One of Docker’s most enticing features is rapid application deployment, meaning that once we generate a Docker image, it contains the application itself and all the runtime dependencies. The heavy lifting part of the deployment ─ configuring the OS, upgrading packages, installing libraries, setting up the web, and maybe application servers ─ is done only once. After the resulting Docker image is tested and verified to work, it will give us fast and reproducible deployments on any environment Docker is running. In theory, and pretty much in practice, deployment is as easy as pulling down a Docker image and starting it, reducing wait time from minutes to mere seconds.
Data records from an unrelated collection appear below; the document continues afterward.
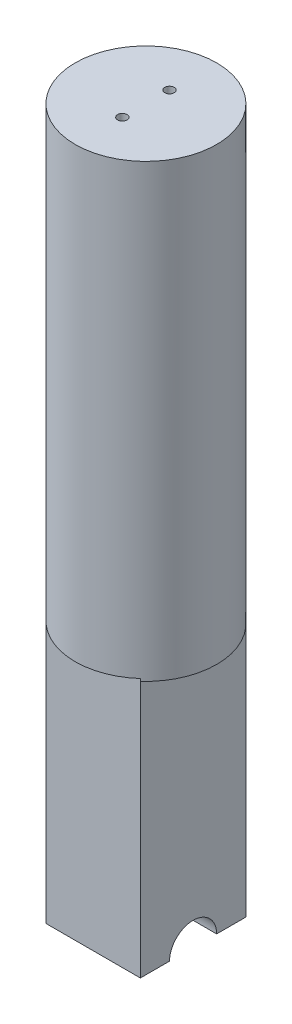
SolidWorks part; units mm, degrees
material "1060 Alloy"
ref_plane "Front Plane" through (0, 0, 0) normal (0, 0, 1) x (1, 0, 0)
ref_plane "Top Plane" through (0, 0, 0) normal (0, 1, 0) x (1, 0, 0)
ref_plane "Right Plane" through (0, 0, 0) normal (1, 0, 0) x (0, 0, -1)
sketch "Sketch2" plane through (0, 0, 0) normal (0, 1, 0) x (1, 0, 0)
  circle A0 centre (0, 0) radius 15
  dimension "D1" = 30
extrude "Boss-Extrude1" add sketch "Sketch2" along normal blind 150
sketch "Sketch3" plane through (0, 0, 0) normal (1, 0, 0) x (0, 0, -1)
  line L0 (15, 0) -> (15, 150) construction
  line L1 (-15, -54.4944) -> (15, -54.4944)
  line L2 (-15, -54.4944) -> (-15, 54.4944)
  line L3 (-15, 54.4944) -> (15, 54.4944)
  line L4 (15, -54.4944) -> (15, 54.4944)
  line L5 (-15, -54.4944) -> (15, 54.4944) construction
  line L6 (-15, 54.4944) -> (15, -54.4944) construction
  point P0 (0, 0)
extrude "Cut-Extrude1" cut sketch "Sketch3" along normal blind 100 from offset 10
extrude "Cut-Extrude2" cut sketch "Sketch3<2>" against normal blind 100 from offset 10 offset against normal yes
sketch "Sketch3<2>" plane through (0, 0, 0) normal (1, 0, 0) x (0, 0, -1) same geometry as "Sketch3"
sketch "Sketch4" plane through (10, 0, 0) normal (1, 0, 0) x (0, 0, -1)
  line L0 (11.1803, 54.4944) -> (11.1803, 0) construction
  line L1 (11.1803, 0) -> (-11.1803, 0) construction
  circle A0 centre (0.0003, 0) radius 5
  dimension "D1" = 10
  dimension "D2" = 11.18
  dimension "D3" = 0
sketch "Sketch5" plane through (0, 0, 0) normal (0, -1, 0) x (1, 0, 0)
  line L1 (-10, 11.1803) -> (10, 11.1803)
  line L3 (-10, -11.1803) -> (10, -11.1803)
  arc A0 (-10, -11.1803) -> (10, -11.1803) centre (0, 0) ccw
  arc A1 (10, 11.1803) -> (-10, 11.1803) centre (0, 0) ccw
  point P0 (0, 0)
extrude "Cut-Extrude4" cut sketch "Sketch5" against normal blind 55
extrude "Cut-Extrude5" cut sketch "Sketch4" against normal through all contours A0
sketch "Sketch6" plane through (0, 150, 0) normal (0, 1, 0) x (1, 0, 0)
  line L0 (0, 5) -> (0, -5) construction
  circle A0 centre (0, 5) radius 1
  circle A1 centre (0, -5) radius 1
  point P4 (0, 0)
  dimension "D2" = 2
  dimension "D3" = 2
  dimension "D1" = 10
extrude "Cut-Extrude6" cut sketch "Sketch6" against normal blind 8

Dtk is one of the projects we’re working on, and it has a complex deployment procedure with a lot of moving parts. It’s not unusual for deployment-from-scratch times to be over 20 minutes. With all of that in mind, Docker seemed like a great fit for Dtk. The first obstacle we ran into while working on the ‘dockerization’ was Puppet: The whole deployment procedure was written in it. We saw this as a problem mostly because Docker the tool and the community surrounding it are pretty opinionated (not that there’s anything wrong with that). One of the opinions was that configuration management tools like Puppet should be used only to manage the hosts where Docker is running (if at all). Dockerfiles, which are used to describe and build Docker images primarily use shell commands or scripts, even though technically we can use any technology/language, Including Puppet, to assemble the images.

At this point, we had two options: Either invest considerable time and energy into converting and testing our Puppet-based procedure to bash commands, or reuse the existing, battle-tested Puppet code to build the images. Encouraged by the examples we found while researching, we went with the second option.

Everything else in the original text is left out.